# So I just started listening to GG



## JahDucky (Jan 11, 2010)

And when I get into an artist, if I have the tools, I try to figure out more about them through biographies, interviews and people views on that artist. Ive gotta tell ya I really like GG. Not because hes "real punk rock" but because he practiced what he preached and even some of his views on the world....I even agree with something he said about parenting! 

GG was being pummeled with hatred on Jerry Springer(in the days before it became a soft core gg show) by guests and one asked him how he would feel if someone raped his daughter, because he brought up that he raped people at his shows. GG told the woman that if someone raped his daughter he wanted her to be stronger after not pity herself and be weak and that the next time someone tried to rape her she would be able to use that strength she built after the first time to deal with the situation and not remain a victim... I want that for my kid too! I dont want my kids to pity themselves and hate life for what happened. I want them to be stronger people afterword. If your weak with self pity....you wont be able to get out of situations like that at all ever. But if you build yourself up then hell yeah! You have a fighting chance the next time round.

GG's music if fun too. Poppy sometimes and then(because its not my lifestyle) just plain silly. So I guess Im a bit of a GG fan now. I would have kicked it with that guy back in the day. Maybe babysat fer him


----------



## Komjaunimas (Jan 12, 2010)

Like arrow said, its possible to see everything he does at gutter punk places. Here in east europe anybody could pull that kind off shit off. Hell we even play games called "freckles" somebody shits on the table, if its solid you add a bit water, everybody puts up their faces as near as posible to the shit and somebody slaps the shit with their palm, the one who has the least shit on his face wins  Being drunk and stupid gives your mind vast oportunities for letting your imagination run free


----------



## keg (Jan 12, 2010)

Komjaunimas that game sounds like fun.i think i will try to play it today.most likely will get my ass beat.About GG, someone gave me a blank tape of his songs in the mid 80s.i thought it was good stuff.i did not know about his ACT or all the stuff he did at gigs.i only knew what i heard and i liked it,still do.


----------



## dirty_rotten_squatter (Jan 12, 2010)

Yeah, you can see all that in a gutter punk show, but GG is the one who really brought it to life. I'm not saying he's bad ass for it, but I like the fact that he was so "hated in the nation" but he didn't give a fuck. He only made enough money every night to get trashed and get to the next show. didn't have a fancy ass high class tour bus. His heart was black and cold, but at least he spoke from it, and didn't give a shit what anyone else thought of him. It wasn't only Jerry Springer that he was antagonized on, there were several and also radio shows too. He lived is music didn't just shout into a mic.
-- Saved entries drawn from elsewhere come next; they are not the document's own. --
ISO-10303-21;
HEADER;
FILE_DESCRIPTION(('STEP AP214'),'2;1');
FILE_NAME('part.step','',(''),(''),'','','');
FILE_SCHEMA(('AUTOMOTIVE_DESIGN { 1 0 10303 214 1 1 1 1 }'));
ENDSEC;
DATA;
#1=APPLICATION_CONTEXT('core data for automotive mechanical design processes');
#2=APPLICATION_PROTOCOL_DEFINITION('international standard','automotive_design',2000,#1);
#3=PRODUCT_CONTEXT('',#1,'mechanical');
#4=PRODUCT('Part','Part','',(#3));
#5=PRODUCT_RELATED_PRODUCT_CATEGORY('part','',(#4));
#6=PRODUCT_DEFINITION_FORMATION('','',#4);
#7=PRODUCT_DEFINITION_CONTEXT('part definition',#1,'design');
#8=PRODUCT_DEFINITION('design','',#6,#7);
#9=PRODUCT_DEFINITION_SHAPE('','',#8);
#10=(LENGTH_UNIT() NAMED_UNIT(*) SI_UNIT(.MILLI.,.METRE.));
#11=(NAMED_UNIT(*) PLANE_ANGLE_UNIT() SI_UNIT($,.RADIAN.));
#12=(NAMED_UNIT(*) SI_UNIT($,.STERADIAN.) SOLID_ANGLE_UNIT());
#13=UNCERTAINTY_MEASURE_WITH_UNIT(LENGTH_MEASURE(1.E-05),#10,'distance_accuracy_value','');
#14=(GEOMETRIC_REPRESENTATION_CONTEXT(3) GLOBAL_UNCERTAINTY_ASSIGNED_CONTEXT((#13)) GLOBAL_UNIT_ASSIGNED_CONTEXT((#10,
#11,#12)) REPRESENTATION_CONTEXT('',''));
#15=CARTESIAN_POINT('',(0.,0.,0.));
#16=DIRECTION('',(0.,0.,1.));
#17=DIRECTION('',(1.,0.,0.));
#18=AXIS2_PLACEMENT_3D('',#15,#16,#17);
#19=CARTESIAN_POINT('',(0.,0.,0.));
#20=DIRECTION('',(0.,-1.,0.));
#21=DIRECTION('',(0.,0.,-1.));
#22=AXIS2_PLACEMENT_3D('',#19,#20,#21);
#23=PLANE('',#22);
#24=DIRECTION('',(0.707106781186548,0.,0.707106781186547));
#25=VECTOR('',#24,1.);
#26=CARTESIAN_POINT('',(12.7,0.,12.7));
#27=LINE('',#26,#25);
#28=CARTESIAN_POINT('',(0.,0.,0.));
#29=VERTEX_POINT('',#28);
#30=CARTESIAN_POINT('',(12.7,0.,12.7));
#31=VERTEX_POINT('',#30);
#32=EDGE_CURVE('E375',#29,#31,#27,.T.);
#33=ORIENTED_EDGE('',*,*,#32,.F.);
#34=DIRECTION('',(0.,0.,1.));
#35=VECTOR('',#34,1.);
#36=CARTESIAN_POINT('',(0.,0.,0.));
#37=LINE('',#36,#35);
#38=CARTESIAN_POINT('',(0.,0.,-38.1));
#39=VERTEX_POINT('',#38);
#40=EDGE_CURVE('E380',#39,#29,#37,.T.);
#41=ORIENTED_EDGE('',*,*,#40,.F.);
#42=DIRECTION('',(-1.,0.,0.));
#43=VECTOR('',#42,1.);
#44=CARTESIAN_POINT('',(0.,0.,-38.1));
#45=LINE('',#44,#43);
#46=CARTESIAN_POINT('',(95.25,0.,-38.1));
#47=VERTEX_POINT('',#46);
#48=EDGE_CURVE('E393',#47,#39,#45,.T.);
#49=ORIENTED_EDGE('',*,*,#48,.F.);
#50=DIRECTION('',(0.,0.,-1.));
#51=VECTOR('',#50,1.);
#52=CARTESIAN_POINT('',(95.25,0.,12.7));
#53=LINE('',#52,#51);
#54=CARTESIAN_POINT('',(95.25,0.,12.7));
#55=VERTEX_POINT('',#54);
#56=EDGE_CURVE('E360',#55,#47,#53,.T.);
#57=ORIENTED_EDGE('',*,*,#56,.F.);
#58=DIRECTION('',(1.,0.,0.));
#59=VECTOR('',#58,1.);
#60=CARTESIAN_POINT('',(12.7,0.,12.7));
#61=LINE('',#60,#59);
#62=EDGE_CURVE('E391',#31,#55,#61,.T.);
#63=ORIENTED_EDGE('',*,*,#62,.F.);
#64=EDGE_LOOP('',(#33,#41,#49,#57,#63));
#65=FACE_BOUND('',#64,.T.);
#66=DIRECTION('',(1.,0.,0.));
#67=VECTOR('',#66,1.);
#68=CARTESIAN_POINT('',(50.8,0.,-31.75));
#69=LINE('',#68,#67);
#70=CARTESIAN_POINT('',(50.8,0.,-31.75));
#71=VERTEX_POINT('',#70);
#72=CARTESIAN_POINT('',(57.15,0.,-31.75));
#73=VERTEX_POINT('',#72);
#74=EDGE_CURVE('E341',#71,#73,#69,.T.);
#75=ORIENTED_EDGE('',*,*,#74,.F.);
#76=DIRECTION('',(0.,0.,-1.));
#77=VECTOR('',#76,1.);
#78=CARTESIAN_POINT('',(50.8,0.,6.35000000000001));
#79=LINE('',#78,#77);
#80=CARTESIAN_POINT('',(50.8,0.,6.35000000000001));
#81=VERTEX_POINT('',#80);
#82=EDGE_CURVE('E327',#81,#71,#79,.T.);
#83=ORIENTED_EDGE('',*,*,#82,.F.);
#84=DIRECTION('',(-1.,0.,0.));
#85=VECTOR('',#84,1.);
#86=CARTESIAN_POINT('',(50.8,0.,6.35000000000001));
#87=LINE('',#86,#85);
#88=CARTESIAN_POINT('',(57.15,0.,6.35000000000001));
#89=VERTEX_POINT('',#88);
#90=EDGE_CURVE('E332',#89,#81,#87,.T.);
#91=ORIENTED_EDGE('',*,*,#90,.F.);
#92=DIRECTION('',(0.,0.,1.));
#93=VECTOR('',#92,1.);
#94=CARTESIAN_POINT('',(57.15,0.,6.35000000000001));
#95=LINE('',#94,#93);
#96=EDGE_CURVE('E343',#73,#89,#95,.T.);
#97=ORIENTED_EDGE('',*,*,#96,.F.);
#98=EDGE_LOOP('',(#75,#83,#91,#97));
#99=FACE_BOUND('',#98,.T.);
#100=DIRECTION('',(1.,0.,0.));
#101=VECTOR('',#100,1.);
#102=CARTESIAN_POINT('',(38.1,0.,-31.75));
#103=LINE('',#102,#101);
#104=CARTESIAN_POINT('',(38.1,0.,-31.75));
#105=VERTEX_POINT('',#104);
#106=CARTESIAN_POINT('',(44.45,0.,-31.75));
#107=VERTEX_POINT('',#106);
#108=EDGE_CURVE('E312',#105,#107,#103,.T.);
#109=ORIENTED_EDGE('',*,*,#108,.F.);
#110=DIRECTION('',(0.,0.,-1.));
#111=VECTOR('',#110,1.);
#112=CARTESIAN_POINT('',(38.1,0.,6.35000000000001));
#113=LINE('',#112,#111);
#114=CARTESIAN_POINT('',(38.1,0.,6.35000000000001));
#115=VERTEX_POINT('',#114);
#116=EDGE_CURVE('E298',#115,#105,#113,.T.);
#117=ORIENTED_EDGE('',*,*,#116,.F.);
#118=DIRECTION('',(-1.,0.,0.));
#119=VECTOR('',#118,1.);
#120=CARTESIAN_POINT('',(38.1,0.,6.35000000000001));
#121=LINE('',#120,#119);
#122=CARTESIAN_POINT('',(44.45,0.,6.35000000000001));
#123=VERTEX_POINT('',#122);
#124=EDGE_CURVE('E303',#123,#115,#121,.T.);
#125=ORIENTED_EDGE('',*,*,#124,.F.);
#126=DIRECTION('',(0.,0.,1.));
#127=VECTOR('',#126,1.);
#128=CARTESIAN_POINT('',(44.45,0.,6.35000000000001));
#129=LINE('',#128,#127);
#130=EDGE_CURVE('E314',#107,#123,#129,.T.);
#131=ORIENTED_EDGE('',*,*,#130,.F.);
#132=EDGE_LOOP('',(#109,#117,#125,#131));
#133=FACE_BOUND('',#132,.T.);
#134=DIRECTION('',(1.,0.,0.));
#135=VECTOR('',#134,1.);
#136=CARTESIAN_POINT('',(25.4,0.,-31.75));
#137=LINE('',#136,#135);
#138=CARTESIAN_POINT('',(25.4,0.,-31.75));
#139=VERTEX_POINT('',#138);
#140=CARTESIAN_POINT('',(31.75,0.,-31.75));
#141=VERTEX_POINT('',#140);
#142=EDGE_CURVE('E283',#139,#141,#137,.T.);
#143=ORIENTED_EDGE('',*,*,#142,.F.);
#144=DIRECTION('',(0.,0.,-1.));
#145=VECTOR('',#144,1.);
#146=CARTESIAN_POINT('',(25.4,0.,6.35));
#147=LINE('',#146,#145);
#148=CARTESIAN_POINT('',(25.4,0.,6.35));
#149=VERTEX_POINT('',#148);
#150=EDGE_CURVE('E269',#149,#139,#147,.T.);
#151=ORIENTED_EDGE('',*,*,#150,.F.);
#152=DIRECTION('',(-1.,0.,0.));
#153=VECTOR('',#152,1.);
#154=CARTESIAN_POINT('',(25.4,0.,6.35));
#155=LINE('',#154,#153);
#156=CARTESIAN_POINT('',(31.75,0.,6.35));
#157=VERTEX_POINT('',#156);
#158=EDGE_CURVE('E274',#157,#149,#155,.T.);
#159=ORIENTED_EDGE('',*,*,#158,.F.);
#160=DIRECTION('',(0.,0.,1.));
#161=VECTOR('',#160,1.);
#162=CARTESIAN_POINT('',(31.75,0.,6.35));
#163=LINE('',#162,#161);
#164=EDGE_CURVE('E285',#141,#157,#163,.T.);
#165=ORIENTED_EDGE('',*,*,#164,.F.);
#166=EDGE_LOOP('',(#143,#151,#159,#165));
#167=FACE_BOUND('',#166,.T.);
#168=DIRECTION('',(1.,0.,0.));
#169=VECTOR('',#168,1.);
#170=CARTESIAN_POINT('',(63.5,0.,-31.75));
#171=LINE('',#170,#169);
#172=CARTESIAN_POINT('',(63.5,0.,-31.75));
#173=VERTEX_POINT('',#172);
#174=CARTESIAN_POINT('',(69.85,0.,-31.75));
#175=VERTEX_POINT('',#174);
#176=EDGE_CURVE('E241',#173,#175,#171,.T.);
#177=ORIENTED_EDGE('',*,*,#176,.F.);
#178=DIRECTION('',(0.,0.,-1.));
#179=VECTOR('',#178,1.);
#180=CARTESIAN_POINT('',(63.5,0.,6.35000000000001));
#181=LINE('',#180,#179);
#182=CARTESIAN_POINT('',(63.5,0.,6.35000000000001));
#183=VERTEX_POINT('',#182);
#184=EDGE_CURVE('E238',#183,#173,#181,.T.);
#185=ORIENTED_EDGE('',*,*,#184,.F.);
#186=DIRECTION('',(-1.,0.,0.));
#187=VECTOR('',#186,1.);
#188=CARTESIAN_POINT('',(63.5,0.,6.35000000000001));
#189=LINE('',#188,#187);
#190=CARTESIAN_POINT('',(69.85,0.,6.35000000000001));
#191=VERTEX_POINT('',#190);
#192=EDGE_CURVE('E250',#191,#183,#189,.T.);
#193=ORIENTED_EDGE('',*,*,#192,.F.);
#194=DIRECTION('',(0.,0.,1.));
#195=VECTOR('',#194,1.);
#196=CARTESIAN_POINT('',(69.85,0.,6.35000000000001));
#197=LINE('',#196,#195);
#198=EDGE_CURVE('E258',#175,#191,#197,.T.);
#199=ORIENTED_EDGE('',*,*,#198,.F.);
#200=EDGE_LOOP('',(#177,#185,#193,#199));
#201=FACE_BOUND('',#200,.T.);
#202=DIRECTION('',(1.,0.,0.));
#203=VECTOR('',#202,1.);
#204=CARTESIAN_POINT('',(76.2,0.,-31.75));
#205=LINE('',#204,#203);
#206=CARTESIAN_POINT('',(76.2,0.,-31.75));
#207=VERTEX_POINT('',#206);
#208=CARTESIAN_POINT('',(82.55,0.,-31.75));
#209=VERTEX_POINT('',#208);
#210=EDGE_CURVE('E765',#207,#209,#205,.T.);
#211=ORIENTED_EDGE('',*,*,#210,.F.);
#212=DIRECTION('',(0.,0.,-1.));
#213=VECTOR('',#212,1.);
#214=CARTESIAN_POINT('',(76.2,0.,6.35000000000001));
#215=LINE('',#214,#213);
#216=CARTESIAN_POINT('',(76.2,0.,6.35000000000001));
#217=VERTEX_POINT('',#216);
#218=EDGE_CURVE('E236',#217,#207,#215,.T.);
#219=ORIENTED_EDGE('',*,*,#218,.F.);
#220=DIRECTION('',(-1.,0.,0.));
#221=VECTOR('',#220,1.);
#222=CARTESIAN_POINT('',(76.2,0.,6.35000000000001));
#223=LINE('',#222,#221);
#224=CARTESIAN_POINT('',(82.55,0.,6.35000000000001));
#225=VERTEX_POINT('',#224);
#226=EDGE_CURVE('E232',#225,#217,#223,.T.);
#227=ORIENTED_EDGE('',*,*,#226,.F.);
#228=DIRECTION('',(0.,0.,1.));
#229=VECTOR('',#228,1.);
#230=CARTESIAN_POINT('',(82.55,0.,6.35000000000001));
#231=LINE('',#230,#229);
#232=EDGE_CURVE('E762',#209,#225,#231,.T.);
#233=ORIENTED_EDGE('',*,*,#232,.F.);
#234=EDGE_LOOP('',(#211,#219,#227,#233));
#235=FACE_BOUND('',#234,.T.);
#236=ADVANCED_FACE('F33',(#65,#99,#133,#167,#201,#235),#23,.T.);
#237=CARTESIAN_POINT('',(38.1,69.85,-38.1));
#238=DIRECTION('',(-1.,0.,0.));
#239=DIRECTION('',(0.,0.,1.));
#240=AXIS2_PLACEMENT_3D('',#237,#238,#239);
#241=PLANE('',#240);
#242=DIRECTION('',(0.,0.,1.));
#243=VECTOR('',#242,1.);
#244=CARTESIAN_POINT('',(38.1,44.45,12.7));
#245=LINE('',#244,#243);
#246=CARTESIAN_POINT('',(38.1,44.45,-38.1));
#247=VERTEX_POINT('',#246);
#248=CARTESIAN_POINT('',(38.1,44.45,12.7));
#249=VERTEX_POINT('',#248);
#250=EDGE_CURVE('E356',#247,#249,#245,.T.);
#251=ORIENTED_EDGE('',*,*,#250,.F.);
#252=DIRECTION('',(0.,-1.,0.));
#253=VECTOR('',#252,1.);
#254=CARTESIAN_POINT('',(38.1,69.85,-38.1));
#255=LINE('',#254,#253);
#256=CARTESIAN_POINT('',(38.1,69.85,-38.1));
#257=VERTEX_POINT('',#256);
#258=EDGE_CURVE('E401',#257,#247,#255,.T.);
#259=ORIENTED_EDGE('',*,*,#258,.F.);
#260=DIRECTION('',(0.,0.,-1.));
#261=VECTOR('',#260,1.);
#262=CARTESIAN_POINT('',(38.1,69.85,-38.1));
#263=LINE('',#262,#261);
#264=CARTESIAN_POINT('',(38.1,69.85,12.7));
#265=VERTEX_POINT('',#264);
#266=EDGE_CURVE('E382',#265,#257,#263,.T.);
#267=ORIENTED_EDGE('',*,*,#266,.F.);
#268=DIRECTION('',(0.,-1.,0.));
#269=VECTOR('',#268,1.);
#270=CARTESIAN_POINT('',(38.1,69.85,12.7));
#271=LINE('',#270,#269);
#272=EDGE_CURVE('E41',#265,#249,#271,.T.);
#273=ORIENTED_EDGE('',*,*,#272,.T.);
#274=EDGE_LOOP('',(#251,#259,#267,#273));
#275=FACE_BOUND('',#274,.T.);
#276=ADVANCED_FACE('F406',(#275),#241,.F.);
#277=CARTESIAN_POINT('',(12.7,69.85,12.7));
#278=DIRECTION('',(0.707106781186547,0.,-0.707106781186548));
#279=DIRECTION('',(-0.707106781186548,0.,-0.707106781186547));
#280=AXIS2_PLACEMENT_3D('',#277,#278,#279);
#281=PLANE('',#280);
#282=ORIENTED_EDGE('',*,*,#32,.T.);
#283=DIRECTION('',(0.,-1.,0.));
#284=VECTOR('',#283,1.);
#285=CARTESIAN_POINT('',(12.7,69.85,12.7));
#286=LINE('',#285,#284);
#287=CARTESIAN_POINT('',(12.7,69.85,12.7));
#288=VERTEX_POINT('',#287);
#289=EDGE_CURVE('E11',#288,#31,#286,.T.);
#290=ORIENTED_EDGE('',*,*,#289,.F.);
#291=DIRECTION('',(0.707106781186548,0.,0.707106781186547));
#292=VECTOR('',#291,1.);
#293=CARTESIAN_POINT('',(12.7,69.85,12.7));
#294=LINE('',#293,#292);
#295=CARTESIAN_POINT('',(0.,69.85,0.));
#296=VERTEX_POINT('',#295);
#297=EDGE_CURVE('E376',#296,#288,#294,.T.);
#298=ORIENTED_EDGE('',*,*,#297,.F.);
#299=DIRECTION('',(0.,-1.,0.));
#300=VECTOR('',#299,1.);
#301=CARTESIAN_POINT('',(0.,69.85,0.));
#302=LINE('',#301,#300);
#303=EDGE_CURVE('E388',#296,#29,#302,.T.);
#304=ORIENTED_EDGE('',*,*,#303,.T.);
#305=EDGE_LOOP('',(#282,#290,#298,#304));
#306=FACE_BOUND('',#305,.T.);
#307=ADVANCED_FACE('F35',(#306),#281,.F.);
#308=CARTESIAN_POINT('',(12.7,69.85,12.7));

That's my view.


----------



## JahDucky (Jan 12, 2010)

Oh I would never have wanted to go to his shows...ever. I wouldve wanted to just hang out somewhere. Maybe chat it up with his ladyfriend or wife(depending on what time I was around). eeeeeYeah. His shows for me would be a no go IM A PUSSY! 

And as for his antics it kinda makes sense....he was mentaly disabled and in the time of his youth they didnt have the same kind of programs they have today for the mentally ill....and I dont think his parents knew how to handle it(though he doesnt blame his parents for anything) i think him being handicapped cranially wouldve caused some odd thoughts...


----------



## dirty_rotten_squatter (Jan 12, 2010)

JahDucky said:


> And as for his antics it kinda makes sense....he was mentaly disabled and in the time of his youth they didnt have the same kind of programs they have today for the mentally ill....and I dont think his parents knew how to handle it(though he doesnt blame his parents for anything) i think him being handicapped cranially wouldve caused some odd thoughts...



Well any parent who names their kid jesus christ, and slams it in his brain that he was sent from god and hes going to make a big impact in gods name...that kids going to have some mental issues. Even though they were his actions not his parents, his folks still had an influence on what he did for sure.


----------



## Sludge (Jan 12, 2010)

theres this crazy guy who makes cheesie music about different ways to kill him self with a drum machine and casio keyboard, he does the who getting naked pissing and bleeding all over the place thing, if you bring a jar of apple sauce to the show hell even stick his dick in it, and play the 'feed me poisioned apple sauce' song

www.myspace.com/50wtkm


hes also a really great guy to talk to and unlike GG his fans arent his enemies he loves um


----------



## xmaggotx (Jan 17, 2010)

JahDucky said:


> So I just started listening to GG



well, see that's your first mistake right there...


----------



## Matt Derrick (Jan 17, 2010)

fuck gg allin... i think anyone that likes him is a fucking moron (jahducky not included!). in fact, i hate him so much that he's my favourite "anti-spam" or "anti-scumfuck" question when people register on the website.

Q: Do you like GG Allin?
A: Yes = ban
A: No = you get to register for the site.

Fuck that guy.


----------



## JahDucky (Jan 17, 2010)

I think his songs were fun. For me his music isnt a way of life but a songs to sing while washing my hair in the shower.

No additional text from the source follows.